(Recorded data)
○ ○ ○
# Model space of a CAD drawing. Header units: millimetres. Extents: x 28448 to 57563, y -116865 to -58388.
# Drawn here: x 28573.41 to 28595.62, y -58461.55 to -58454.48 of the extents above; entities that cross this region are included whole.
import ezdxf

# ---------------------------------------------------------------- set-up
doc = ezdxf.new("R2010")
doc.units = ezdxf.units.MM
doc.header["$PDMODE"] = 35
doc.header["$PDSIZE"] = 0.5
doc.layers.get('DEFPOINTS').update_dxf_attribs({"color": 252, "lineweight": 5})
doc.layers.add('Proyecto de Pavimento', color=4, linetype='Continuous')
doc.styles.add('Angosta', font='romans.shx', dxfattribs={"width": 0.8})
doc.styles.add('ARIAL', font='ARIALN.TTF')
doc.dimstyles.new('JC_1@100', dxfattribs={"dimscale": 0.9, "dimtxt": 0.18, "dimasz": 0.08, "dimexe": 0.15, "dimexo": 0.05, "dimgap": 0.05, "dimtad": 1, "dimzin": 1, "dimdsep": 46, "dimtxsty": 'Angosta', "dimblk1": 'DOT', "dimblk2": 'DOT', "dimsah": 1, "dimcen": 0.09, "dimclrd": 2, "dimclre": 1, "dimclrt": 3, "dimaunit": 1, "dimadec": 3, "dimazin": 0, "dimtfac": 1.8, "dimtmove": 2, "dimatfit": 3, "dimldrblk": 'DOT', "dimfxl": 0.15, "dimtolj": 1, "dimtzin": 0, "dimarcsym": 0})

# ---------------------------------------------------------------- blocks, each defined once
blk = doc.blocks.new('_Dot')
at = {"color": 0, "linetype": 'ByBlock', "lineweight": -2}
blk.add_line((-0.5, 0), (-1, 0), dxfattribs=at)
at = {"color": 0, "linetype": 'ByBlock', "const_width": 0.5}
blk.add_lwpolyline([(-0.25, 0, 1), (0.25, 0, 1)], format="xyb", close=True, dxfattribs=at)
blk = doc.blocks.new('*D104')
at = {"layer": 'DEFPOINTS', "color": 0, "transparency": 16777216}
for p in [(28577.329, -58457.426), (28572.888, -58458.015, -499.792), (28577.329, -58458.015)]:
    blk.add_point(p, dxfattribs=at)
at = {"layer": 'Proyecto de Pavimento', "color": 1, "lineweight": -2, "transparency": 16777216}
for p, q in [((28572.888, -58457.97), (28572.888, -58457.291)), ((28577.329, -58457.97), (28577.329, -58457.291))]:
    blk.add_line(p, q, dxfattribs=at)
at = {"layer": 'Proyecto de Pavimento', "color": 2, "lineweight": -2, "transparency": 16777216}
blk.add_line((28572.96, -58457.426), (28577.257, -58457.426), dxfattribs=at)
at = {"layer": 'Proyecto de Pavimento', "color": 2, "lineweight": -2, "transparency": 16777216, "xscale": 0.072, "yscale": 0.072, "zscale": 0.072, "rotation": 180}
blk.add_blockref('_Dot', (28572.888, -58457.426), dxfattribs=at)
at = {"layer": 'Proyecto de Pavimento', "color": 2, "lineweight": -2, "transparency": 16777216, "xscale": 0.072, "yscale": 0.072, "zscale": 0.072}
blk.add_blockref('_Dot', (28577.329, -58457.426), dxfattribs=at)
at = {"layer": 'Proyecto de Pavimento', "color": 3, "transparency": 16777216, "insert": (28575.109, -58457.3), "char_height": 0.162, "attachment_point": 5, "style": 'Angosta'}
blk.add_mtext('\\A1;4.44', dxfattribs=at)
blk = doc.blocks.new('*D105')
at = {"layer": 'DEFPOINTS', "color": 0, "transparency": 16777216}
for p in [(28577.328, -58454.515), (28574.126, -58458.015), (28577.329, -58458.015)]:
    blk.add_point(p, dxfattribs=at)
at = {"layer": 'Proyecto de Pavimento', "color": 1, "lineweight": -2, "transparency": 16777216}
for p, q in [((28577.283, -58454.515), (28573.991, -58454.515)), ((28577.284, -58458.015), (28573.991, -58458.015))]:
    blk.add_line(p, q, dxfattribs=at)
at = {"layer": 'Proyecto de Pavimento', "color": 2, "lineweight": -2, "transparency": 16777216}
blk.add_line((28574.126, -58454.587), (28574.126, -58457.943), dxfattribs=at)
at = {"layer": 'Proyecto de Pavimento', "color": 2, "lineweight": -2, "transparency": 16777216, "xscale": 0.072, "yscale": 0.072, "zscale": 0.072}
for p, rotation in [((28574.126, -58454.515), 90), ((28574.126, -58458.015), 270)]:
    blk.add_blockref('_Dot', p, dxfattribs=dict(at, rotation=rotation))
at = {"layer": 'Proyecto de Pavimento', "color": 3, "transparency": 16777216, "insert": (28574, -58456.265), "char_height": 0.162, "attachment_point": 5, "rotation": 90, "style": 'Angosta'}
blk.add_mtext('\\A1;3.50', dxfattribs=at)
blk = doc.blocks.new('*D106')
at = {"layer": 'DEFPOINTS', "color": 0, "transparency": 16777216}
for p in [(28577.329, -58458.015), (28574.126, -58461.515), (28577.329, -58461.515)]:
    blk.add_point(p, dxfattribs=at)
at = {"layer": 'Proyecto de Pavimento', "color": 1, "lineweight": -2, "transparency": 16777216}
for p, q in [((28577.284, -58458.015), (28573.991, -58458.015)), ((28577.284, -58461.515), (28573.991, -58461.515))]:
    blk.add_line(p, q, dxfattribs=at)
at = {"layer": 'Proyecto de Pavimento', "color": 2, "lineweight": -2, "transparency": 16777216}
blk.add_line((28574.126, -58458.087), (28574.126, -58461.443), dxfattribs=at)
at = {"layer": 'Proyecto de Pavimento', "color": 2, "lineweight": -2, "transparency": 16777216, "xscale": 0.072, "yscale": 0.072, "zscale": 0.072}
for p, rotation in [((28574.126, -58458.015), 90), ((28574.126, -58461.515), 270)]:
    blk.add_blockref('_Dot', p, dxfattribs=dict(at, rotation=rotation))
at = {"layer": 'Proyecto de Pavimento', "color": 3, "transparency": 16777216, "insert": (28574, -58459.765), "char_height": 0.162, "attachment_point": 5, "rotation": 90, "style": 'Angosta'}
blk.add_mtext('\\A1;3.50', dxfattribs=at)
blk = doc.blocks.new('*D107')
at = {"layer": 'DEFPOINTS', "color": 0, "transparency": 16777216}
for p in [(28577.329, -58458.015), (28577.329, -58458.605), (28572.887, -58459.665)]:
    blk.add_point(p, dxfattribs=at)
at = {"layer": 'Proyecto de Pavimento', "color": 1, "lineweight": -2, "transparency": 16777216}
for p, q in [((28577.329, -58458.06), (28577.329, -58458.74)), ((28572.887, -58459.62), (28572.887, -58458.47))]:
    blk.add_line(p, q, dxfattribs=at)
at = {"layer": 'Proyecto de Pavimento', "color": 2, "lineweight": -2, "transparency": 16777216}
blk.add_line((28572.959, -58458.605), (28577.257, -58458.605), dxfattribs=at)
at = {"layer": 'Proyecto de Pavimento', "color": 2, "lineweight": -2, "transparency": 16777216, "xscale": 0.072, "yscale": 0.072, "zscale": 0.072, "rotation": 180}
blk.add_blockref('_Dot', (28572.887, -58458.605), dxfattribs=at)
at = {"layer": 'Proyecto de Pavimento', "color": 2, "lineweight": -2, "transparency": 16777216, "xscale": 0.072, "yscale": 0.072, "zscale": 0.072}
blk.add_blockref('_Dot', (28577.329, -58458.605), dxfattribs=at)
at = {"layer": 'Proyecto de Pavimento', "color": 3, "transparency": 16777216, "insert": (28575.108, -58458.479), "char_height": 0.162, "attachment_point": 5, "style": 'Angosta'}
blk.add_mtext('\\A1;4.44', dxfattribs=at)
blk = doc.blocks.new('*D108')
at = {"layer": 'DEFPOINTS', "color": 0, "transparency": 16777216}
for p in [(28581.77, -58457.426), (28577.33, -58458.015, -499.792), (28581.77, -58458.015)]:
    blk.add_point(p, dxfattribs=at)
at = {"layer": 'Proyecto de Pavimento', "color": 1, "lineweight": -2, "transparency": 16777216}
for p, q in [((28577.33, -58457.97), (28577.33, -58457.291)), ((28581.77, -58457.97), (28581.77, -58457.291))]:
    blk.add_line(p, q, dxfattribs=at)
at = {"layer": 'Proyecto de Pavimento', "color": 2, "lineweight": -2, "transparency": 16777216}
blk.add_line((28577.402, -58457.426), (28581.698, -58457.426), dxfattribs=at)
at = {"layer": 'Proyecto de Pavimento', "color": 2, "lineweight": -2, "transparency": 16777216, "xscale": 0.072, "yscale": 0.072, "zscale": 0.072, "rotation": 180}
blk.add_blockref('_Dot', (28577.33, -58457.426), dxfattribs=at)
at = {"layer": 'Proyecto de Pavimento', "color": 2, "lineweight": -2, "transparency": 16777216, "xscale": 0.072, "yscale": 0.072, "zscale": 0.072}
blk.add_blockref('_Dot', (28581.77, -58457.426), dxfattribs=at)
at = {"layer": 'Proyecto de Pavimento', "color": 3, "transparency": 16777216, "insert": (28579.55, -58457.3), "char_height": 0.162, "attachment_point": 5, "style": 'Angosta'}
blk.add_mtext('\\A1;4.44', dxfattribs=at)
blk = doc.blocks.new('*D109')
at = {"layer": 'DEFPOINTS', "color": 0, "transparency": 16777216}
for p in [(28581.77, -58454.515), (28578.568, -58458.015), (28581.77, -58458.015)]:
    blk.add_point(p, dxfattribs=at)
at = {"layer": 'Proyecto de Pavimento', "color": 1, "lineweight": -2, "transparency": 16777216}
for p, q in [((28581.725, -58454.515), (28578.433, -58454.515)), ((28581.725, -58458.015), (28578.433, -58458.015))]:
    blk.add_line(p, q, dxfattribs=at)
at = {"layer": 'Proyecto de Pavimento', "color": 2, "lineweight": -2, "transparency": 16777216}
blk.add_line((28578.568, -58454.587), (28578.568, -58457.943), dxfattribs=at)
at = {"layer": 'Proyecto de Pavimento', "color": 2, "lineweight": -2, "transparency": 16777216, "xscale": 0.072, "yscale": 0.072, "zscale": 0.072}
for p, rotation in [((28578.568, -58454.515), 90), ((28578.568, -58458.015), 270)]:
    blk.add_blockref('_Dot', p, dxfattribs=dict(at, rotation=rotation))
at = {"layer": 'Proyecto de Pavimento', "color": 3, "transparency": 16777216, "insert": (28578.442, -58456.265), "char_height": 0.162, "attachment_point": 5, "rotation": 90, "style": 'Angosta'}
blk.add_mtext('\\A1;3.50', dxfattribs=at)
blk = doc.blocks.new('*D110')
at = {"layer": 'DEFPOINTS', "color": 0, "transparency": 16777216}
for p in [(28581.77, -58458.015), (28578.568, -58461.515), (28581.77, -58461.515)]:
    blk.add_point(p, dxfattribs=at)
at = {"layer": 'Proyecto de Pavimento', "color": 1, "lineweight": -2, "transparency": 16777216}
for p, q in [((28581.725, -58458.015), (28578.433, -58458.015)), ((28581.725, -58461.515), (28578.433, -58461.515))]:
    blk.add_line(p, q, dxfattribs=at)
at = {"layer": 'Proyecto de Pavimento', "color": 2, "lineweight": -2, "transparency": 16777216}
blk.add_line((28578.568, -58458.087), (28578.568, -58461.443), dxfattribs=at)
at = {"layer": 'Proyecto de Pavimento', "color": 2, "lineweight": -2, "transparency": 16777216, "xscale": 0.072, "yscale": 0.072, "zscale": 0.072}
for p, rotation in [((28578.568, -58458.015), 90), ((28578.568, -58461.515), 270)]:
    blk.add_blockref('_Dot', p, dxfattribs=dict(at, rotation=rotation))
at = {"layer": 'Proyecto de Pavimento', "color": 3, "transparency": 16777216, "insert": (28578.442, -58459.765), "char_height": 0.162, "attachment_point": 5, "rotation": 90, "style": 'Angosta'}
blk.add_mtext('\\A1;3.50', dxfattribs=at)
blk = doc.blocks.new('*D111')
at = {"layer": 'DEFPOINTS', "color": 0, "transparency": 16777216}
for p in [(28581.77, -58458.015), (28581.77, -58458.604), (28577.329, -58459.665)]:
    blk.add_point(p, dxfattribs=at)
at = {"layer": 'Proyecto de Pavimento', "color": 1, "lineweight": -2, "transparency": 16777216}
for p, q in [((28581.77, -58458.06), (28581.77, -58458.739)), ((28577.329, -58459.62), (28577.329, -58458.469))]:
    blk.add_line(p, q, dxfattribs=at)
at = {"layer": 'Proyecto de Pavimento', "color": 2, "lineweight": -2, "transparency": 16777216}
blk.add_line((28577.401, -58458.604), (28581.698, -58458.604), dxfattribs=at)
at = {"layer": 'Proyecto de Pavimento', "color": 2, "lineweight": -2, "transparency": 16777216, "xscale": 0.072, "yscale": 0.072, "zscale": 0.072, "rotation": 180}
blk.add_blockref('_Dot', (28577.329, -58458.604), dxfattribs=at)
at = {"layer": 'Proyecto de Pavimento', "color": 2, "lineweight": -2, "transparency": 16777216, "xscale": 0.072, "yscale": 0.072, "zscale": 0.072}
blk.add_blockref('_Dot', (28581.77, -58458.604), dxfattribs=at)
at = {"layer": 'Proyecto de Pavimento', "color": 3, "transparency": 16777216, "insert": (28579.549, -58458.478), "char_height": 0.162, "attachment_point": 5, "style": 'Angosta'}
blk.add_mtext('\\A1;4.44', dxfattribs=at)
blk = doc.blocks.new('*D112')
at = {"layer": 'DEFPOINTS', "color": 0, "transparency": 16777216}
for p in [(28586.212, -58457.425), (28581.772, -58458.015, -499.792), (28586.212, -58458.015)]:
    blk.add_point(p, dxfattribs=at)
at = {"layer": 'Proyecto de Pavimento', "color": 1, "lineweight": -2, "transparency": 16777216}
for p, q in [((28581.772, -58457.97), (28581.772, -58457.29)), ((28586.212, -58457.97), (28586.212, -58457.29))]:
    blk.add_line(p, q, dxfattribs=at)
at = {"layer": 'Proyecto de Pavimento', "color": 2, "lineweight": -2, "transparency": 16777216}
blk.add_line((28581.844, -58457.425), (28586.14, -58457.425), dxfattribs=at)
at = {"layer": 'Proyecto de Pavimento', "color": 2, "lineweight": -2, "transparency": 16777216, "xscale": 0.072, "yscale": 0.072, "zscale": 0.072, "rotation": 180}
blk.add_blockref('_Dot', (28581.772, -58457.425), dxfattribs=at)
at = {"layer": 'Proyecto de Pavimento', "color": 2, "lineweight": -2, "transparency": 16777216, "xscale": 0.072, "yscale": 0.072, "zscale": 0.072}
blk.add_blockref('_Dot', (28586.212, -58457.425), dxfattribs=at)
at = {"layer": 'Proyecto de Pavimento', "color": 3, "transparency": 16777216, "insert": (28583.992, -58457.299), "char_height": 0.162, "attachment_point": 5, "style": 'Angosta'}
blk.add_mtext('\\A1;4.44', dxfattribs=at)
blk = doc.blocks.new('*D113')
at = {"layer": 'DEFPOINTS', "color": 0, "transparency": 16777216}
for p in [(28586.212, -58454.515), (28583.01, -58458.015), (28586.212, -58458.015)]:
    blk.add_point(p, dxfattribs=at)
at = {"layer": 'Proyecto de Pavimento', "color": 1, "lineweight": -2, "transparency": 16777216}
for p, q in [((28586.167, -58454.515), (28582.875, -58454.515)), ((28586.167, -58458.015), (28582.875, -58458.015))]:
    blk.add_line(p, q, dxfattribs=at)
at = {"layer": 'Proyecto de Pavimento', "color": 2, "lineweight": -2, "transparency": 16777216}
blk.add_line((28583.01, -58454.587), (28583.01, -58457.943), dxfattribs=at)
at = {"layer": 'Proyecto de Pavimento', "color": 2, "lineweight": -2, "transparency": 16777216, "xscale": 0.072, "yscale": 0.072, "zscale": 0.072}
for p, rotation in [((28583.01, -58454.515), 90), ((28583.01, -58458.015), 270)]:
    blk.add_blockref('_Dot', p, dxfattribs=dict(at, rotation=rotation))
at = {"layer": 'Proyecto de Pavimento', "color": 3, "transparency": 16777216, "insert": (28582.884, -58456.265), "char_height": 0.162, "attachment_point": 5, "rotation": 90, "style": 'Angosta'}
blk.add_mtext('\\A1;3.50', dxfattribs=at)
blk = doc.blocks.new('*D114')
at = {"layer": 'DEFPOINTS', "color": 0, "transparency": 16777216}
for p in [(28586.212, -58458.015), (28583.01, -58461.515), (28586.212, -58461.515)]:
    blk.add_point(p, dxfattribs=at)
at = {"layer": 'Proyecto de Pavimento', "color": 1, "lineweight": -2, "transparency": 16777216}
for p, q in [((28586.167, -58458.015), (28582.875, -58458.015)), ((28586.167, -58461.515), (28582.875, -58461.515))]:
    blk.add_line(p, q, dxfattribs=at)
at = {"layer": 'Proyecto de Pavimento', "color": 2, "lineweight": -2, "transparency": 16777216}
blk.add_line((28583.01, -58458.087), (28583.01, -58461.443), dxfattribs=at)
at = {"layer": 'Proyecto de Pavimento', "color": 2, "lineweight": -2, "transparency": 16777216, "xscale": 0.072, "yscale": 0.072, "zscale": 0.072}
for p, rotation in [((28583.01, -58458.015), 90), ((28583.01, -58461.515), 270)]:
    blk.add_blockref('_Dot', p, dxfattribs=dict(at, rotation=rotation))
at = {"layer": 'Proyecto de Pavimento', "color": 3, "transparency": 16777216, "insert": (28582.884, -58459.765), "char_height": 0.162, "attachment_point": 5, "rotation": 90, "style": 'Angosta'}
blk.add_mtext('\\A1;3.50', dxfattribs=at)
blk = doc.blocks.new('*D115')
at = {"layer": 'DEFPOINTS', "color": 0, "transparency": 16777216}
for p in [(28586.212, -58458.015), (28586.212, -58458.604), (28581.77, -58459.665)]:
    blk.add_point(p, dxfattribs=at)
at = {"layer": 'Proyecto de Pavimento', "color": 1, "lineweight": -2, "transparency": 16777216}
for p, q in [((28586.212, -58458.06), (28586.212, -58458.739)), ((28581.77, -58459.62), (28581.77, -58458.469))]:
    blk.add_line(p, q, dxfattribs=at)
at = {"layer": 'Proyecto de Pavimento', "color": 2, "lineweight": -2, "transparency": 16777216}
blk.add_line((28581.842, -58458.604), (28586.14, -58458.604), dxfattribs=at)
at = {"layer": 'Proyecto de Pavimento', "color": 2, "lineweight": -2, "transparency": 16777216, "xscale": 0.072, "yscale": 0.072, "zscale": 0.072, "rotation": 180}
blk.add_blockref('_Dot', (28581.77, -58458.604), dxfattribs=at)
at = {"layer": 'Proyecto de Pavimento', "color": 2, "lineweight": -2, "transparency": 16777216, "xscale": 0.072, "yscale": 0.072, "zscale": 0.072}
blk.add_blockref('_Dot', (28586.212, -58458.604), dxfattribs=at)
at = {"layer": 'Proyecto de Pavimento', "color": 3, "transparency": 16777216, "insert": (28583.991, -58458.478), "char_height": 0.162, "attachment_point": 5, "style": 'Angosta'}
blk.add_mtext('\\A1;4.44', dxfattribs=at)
○ ○ ○
Whenever a line above contains "font", copy that line.

doc.styles.add('Angosta', font='romans.shx', dxfattribs={"width": 0.8})
doc.styles.add('ARIAL', font='ARIALN.TTF')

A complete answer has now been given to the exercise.